### Exercise
Check each line below for the word "color". Then give only how many lines have it.
─── Task input ───
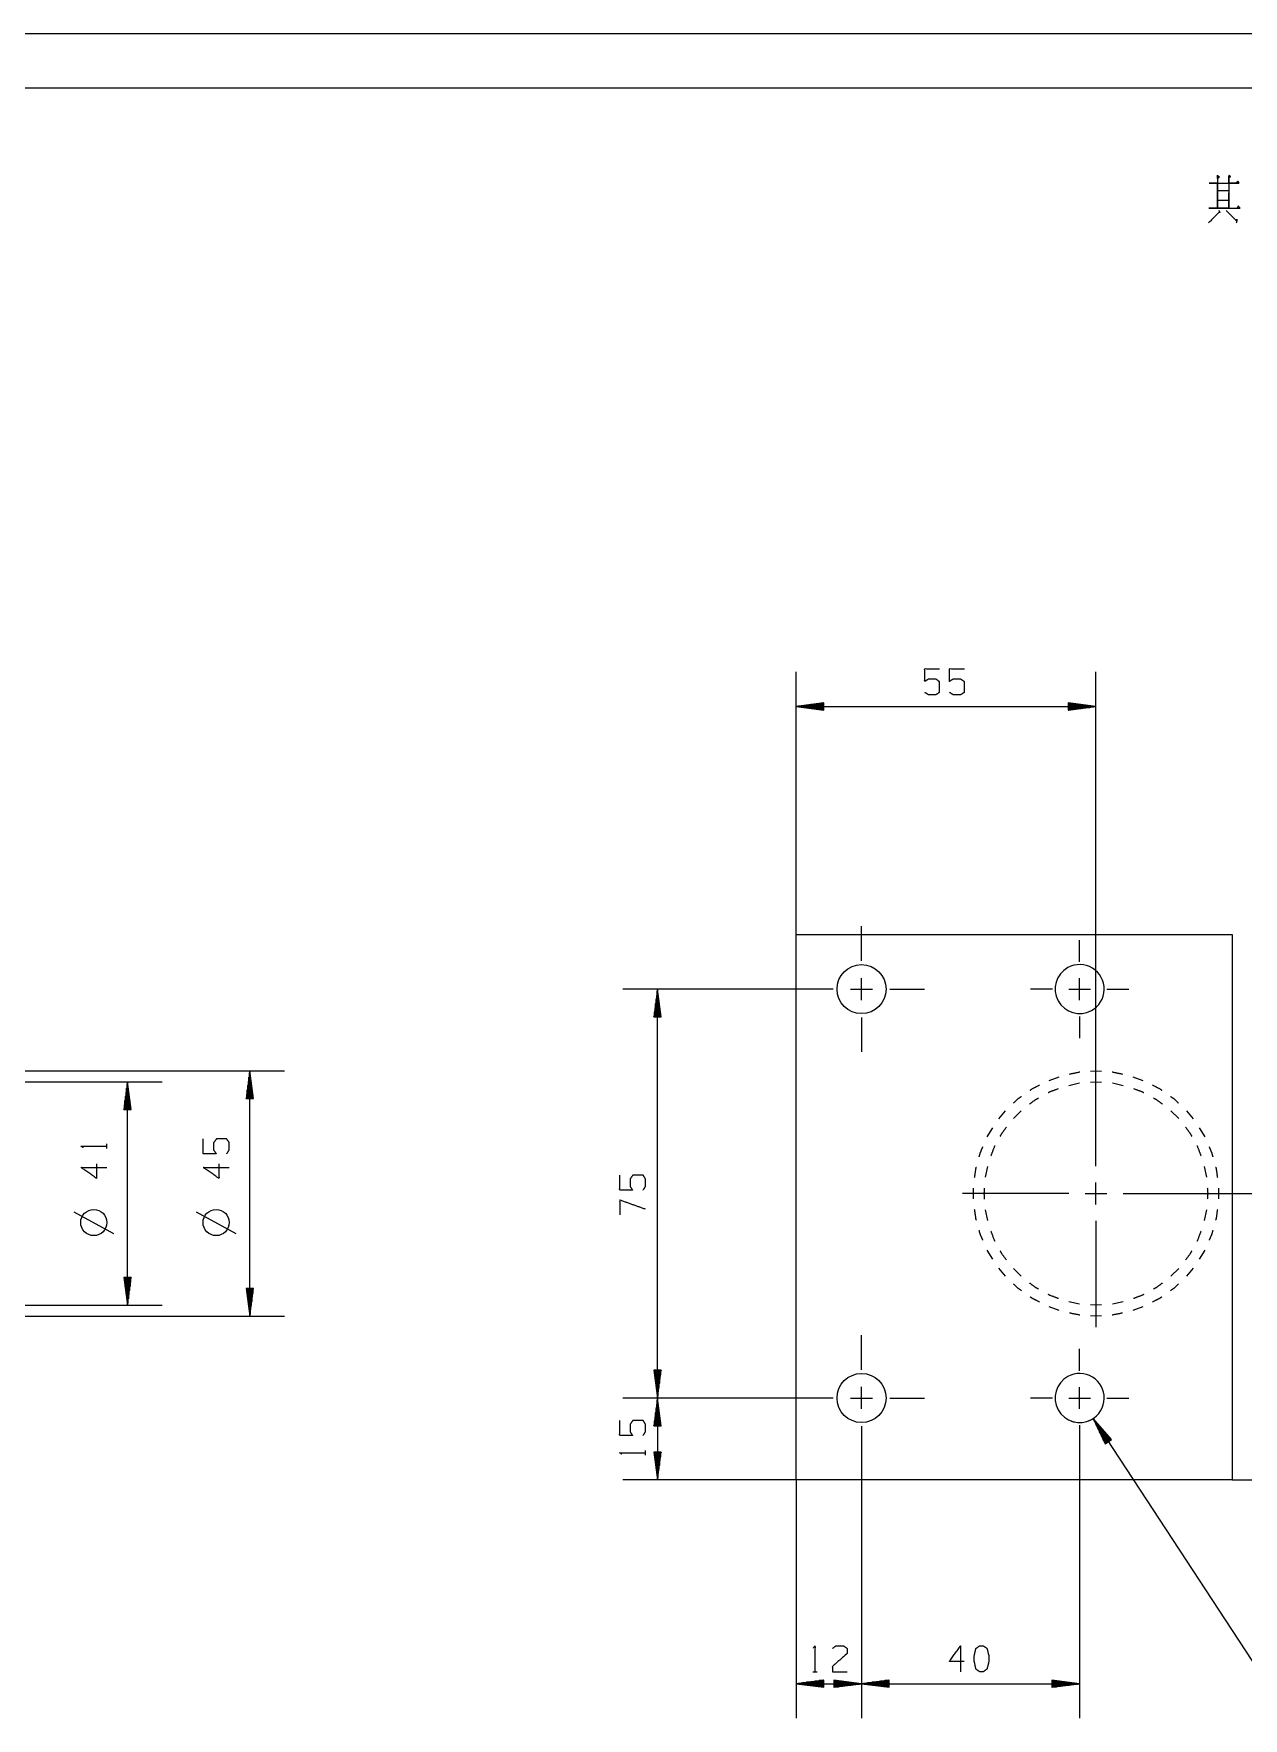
# Model space of a CAD drawing. Header units: millimetres. Extents: x 0 to 420, y 0 to 297.
# Drawn here: x 227.8 to 338.7, y 142.5 to 297 of the extents above; entities that cross this region are included whole.
import ezdxf

# ---------------------------------------------------------------- set-up
doc = ezdxf.new("R2010")
doc.units = ezdxf.units.MM
doc.layers.add('101', color=7, linetype='Continuous', true_color=0xffffff)

msp = doc.modelspace()

# ---------------------------------------------------------------- linework, layer by layer
at = {"layer": '101', "color": 133, "linetype": 'Continuous', "lineweight": 18}
for p, q in [((420, 297), (0, 297)), ((415, 292), (25, 292))]:
    msp.add_line(p, q, dxfattribs=at)
at = {"layer": '101', "color": 22, "linetype": 'Continuous', "lineweight": 18}
for p, q in [((297.68, 214.38), (297.68, 238.47)), ((325.18, 202.88), (325.18, 238.47)), ((300.22, 235.63), (297.68, 235.29)), ((297.68, 235.29), (300.22, 234.96)), ((297.68, 235.29), (325.18, 235.29)), ((300.22, 235.32), (297.87, 235.32)), ((300.22, 235.27), (297.87, 235.27)), ((300.22, 235.37), (298.26, 235.37)), ((300.22, 235.22), (298.26, 235.22)), ((300.22, 235.42), (298.64, 235.42)), ((300.22, 235.17), (298.64, 235.17)), ((300.22, 235.47), (299.03, 235.47)), ((300.22, 235.12), (299.03, 235.12)), ((300.22, 235.52), (299.42, 235.52)), ((300.22, 235.07), (299.42, 235.07)), ((300.22, 235.57), (299.8, 235.57)), ((300.22, 235.01), (299.8, 235.01)), ((300.22, 235.62), (300.19, 235.62)), ((300.22, 235.62), (300.19, 235.62)), ((300.22, 234.96), (300.19, 234.96)), ((300.22, 234.96), (300.19, 234.96)), ((300.22, 234.96), (300.22, 235.63)), ((325.18, 235.29), (322.64, 235.63)), ((322.64, 235.63), (322.64, 234.96)), ((322.64, 235.62), (322.67, 235.62)), ((322.64, 235.62), (322.67, 235.62)), ((322.64, 235.57), (323.06, 235.57)), ((322.64, 235.52), (323.44, 235.52)), ((322.64, 235.47), (323.83, 235.47)), ((322.64, 235.42), (324.22, 235.42)), ((322.64, 235.37), (324.6, 235.37)), ((322.64, 235.32), (324.99, 235.32)), ((322.64, 234.96), (325.18, 235.29)), ((322.64, 235.27), (324.99, 235.27)), ((322.64, 235.22), (324.6, 235.22)), ((322.64, 235.17), (324.22, 235.17)), ((322.64, 235.12), (323.83, 235.12)), ((322.64, 235.07), (323.44, 235.07)), ((322.64, 235.01), (323.06, 235.01)), ((322.64, 234.96), (322.67, 234.96)), ((322.64, 234.96), (322.67, 234.96)), ((297.91, 209.38), (281.79, 209.38)), ((284.96, 209.38), (284.63, 206.84)), ((284.89, 206.84), (284.89, 208.8)), ((284.94, 206.84), (284.94, 209.19)), ((284.96, 171.88), (284.96, 209.38)), ((285.3, 206.84), (284.96, 209.38)), ((284.99, 206.84), (284.99, 209.19)), ((285.04, 206.84), (285.04, 208.8)), ((284.68, 206.84), (284.68, 207.26)), ((284.74, 206.84), (284.74, 207.65)), ((284.79, 206.84), (284.79, 208.03)), ((284.84, 206.84), (284.84, 208.42)), ((285.09, 206.84), (285.09, 208.42)), ((285.14, 206.84), (285.14, 208.03)), ((285.19, 206.84), (285.19, 207.65)), ((285.24, 206.84), (285.24, 207.26)), ((284.63, 206.84), (284.63, 206.87)), ((284.63, 206.84), (284.63, 206.87)), ((284.63, 206.84), (285.3, 206.84)), ((285.29, 206.84), (285.29, 206.87)), ((285.29, 206.84), (285.29, 206.87)), ((224.05, 201.88), (250.75, 201.88)), ((224.05, 200.88), (239.54, 200.88)), ((236.36, 200.88), (236.03, 198.34)), ((236.36, 180.38), (236.36, 200.88)), ((236.7, 198.34), (236.36, 200.88)), ((247.57, 201.88), (247.24, 199.34)), ((247.45, 199.34), (247.45, 200.92)), ((247.5, 199.34), (247.5, 201.3)), ((247.55, 199.34), (247.55, 201.69)), ((247.57, 179.38), (247.57, 201.88)), ((247.91, 199.34), (247.57, 201.88)), ((247.6, 199.34), (247.6, 201.69)), ((247.65, 199.34), (247.65, 201.3)), ((247.7, 199.34), (247.7, 200.92)), ((236.18, 198.34), (236.18, 199.53)), ((236.23, 198.34), (236.23, 199.92)), ((236.28, 198.34), (236.28, 200.3)), ((236.34, 198.34), (236.34, 200.69)), ((236.39, 198.34), (236.39, 200.69)), ((236.44, 198.34), (236.44, 200.3)), ((236.49, 198.34), (236.49, 199.92)), ((236.54, 198.34), (236.54, 199.53)), ((247.24, 199.34), (247.24, 199.37)), ((247.24, 199.34), (247.24, 199.37)), ((247.24, 199.34), (247.91, 199.34)), ((247.29, 199.34), (247.29, 199.76)), ((247.35, 199.34), (247.35, 200.15)), ((247.4, 199.34), (247.4, 200.53)), ((247.75, 199.34), (247.75, 200.53)), ((247.8, 199.34), (247.8, 200.15)), ((247.85, 199.34), (247.85, 199.76)), ((247.9, 199.34), (247.9, 199.37)), ((247.9, 199.34), (247.9, 199.37)), ((236.03, 198.34), (236.03, 198.37)), ((236.03, 198.34), (236.03, 198.37)), ((236.03, 198.34), (236.7, 198.34)), ((236.08, 198.34), (236.08, 198.76)), ((236.13, 198.34), (236.13, 199.15)), ((236.59, 198.34), (236.59, 199.15)), ((236.64, 198.34), (236.64, 198.76)), ((236.69, 198.34), (236.69, 198.37)), ((236.69, 198.34), (236.69, 198.37)), ((337.43, 190.63), (363.73, 190.63)), ((236.7, 182.92), (236.03, 182.92)), ((236.03, 182.92), (236.36, 180.38)), ((236.03, 182.92), (236.03, 182.89)), ((236.03, 182.92), (236.03, 182.89)), ((236.08, 182.92), (236.08, 182.5)), ((236.13, 182.92), (236.13, 182.12)), ((236.18, 182.92), (236.18, 181.73)), ((236.23, 182.92), (236.23, 181.35)), ((236.28, 182.92), (236.28, 180.96)), ((236.34, 182.92), (236.34, 180.57)), ((236.36, 180.38), (236.7, 182.92)), ((236.39, 182.92), (236.39, 180.57)), ((236.44, 182.92), (236.44, 180.96)), ((236.49, 182.92), (236.49, 181.35)), ((236.54, 182.92), (236.54, 181.73)), ((236.59, 182.92), (236.59, 182.12)), ((236.64, 182.92), (236.64, 182.5)), ((236.69, 182.92), (236.69, 182.89)), ((236.69, 182.92), (236.69, 182.89)), ((247.24, 181.92), (247.57, 179.38)), ((247.91, 181.92), (247.24, 181.92)), ((247.24, 181.92), (247.24, 181.89)), ((247.24, 181.92), (247.24, 181.89)), ((247.29, 181.92), (247.29, 181.5)), ((247.35, 181.92), (247.35, 181.12)), ((247.4, 181.92), (247.4, 180.73)), ((247.45, 181.92), (247.45, 180.35)), ((247.5, 181.92), (247.5, 179.96)), ((247.55, 181.92), (247.55, 179.57)), ((247.57, 179.38), (247.91, 181.92)), ((247.6, 181.92), (247.6, 179.57)), ((247.65, 181.92), (247.65, 179.96)), ((247.7, 181.92), (247.7, 180.35)), ((247.75, 181.92), (247.75, 180.73)), ((247.8, 181.92), (247.8, 181.12)), ((247.85, 181.92), (247.85, 181.5)), ((247.9, 181.92), (247.9, 181.89)), ((247.9, 181.92), (247.9, 181.89)), ((224.05, 180.38), (239.54, 180.38)), ((224.05, 179.38), (250.75, 179.38)), ((284.63, 174.42), (284.63, 174.39)), ((284.63, 174.42), (284.96, 171.88)), ((284.63, 174.42), (284.63, 174.39)), ((285.3, 174.42), (284.63, 174.42)), ((284.68, 174.42), (284.68, 174)), ((284.74, 174.42), (284.74, 173.62)), ((284.79, 174.42), (284.79, 173.23)), ((284.84, 174.42), (284.84, 172.85)), ((284.89, 174.42), (284.89, 172.46)), ((284.94, 174.42), (284.94, 172.07)), ((284.96, 171.88), (285.3, 174.42)), ((284.99, 174.42), (284.99, 172.07)), ((285.04, 174.42), (285.04, 172.46)), ((285.09, 174.42), (285.09, 172.85)), ((285.14, 174.42), (285.14, 173.23)), ((285.19, 174.42), (285.19, 173.62)), ((285.24, 174.42), (285.24, 174)), ((285.29, 174.42), (285.29, 174.39)), ((285.29, 174.42), (285.29, 174.39)), ((297.91, 171.88), (281.79, 171.88)), ((297.91, 171.88), (281.79, 171.88)), ((284.96, 171.88), (284.63, 169.34)), ((284.94, 169.34), (284.94, 171.69)), ((284.96, 171.88), (284.96, 164.38)), ((285.3, 169.34), (284.96, 171.88)), ((284.99, 169.34), (284.99, 171.69)), ((284.74, 169.34), (284.74, 170.15)), ((284.79, 169.34), (284.79, 170.53)), ((284.84, 169.34), (284.84, 170.92)), ((284.89, 169.34), (284.89, 171.3)), ((285.04, 169.34), (285.04, 171.3)), ((285.09, 169.34), (285.09, 170.92)), ((285.14, 169.34), (285.14, 170.53)), ((285.19, 169.34), (285.19, 170.15)), ((324.91, 170), (340.7, 145.95)), ((326.59, 168.06), (324.91, 170)), ((324.91, 170), (326.03, 167.69)), ((284.63, 169.34), (284.63, 169.37)), ((284.63, 169.34), (284.63, 169.37)), ((284.63, 169.34), (285.3, 169.34)), ((284.68, 169.34), (284.68, 169.76)), ((285.24, 169.34), (285.24, 169.76)), ((285.29, 169.34), (285.29, 169.37)), ((285.29, 169.34), (285.29, 169.37)), ((326.29, 167.86), (325, 169.83)), ((326.33, 167.89), (325.04, 169.85)), ((326.24, 167.84), (325.17, 169.48)), ((326.37, 167.92), (325.3, 169.56)), ((326.2, 167.81), (325.34, 169.12)), ((326.16, 167.78), (325.51, 168.77)), ((326.41, 167.95), (325.55, 169.26)), ((326.12, 167.75), (325.68, 168.42)), ((326.46, 167.97), (325.8, 168.97)), ((326.5, 168), (326.06, 168.67)), ((284.63, 166.92), (284.63, 166.89)), ((284.63, 166.92), (284.63, 166.89)), ((285.3, 166.92), (284.63, 166.92)), ((284.63, 166.92), (284.96, 164.38)), ((284.68, 166.92), (284.68, 166.5)), ((284.74, 166.92), (284.74, 166.12)), ((284.79, 166.92), (284.79, 165.73)), ((284.84, 166.92), (284.84, 165.35)), ((284.89, 166.92), (284.89, 164.96)), ((284.94, 166.92), (284.94, 164.57)), ((284.96, 164.38), (285.3, 166.92)), ((284.99, 166.92), (284.99, 164.57)), ((285.04, 166.92), (285.04, 164.96)), ((285.09, 166.92), (285.09, 165.35)), ((285.14, 166.92), (285.14, 165.73)), ((285.19, 166.92), (285.19, 166.12)), ((285.24, 166.92), (285.24, 166.5)), ((285.29, 166.92), (285.29, 166.89)), ((285.29, 166.92), (285.29, 166.89)), ((323.68, 167.38), (323.68, 142.51)), ((326.07, 167.72), (325.85, 168.07)), ((326.03, 167.7), (326.01, 167.72)), ((326.03, 167.7), (326.01, 167.72)), ((326.03, 167.69), (326.59, 168.06)), ((326.54, 168.03), (326.31, 168.38)), ((326.58, 168.06), (326.57, 168.09)), ((326.58, 168.06), (326.57, 168.09)), ((303.68, 166.12), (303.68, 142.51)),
───
### Written answer
3